WHAT TO WORK ON:
Could you show each line of the records that contains the word "size"?

(Stored items)
——

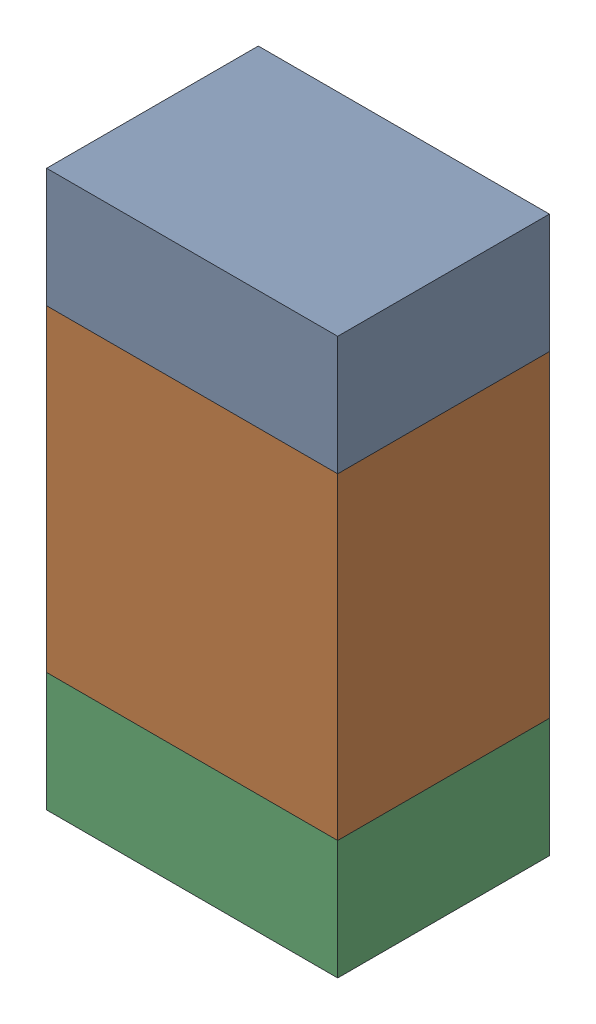
SolidWorks assembly R506_1PCB, configuration Default. Lengths in mm.
Overall size (0.55 1.05 0.4).
6 component instances, 2 part files, 0 mates.
Components (placement in the parent):
- 846483288-1: 846483288 [Default] at (147.1499 119.6626 0) size (0.55 0.22 0.4)
  - Extruded_12-1: Extruded_12 [Default] at origin size (0.55 0.22 0.4)
- 846483424-1: 846483424 [Default] at (147.1499 119.2501 0) size (0.55 0.6 0.4)
  - Extruded_13-1: Extruded_13 [Default] at origin size (0.55 0.6 0.4)
- 846483288-2: 846483288 [Default] at (147.1499 118.8376 0) size (0.55 0.22 0.4)
  - Extruded_12-1: Extruded_12 [Default] at origin size (0.55 0.22 0.4)

——

ANSWER TO THIS EXERCISE:
Overall size (0.55 1.05 0.4).
- 846483288-1: 846483288 [Default] at (147.1499 119.6626 0) size (0.55 0.22 0.4)
  - Extruded_12-1: Extruded_12 [Default] at origin size (0.55 0.22 0.4)
- 846483424-1: 846483424 [Default] at (147.1499 119.2501 0) size (0.55 0.6 0.4)
  - Extruded_13-1: Extruded_13 [Default] at origin size (0.55 0.6 0.4)
- 846483288-2: 846483288 [Default] at (147.1499 118.8376 0) size (0.55 0.22 0.4)
  - Extruded_12-1: Extruded_12 [Default] at origin size (0.55 0.22 0.4)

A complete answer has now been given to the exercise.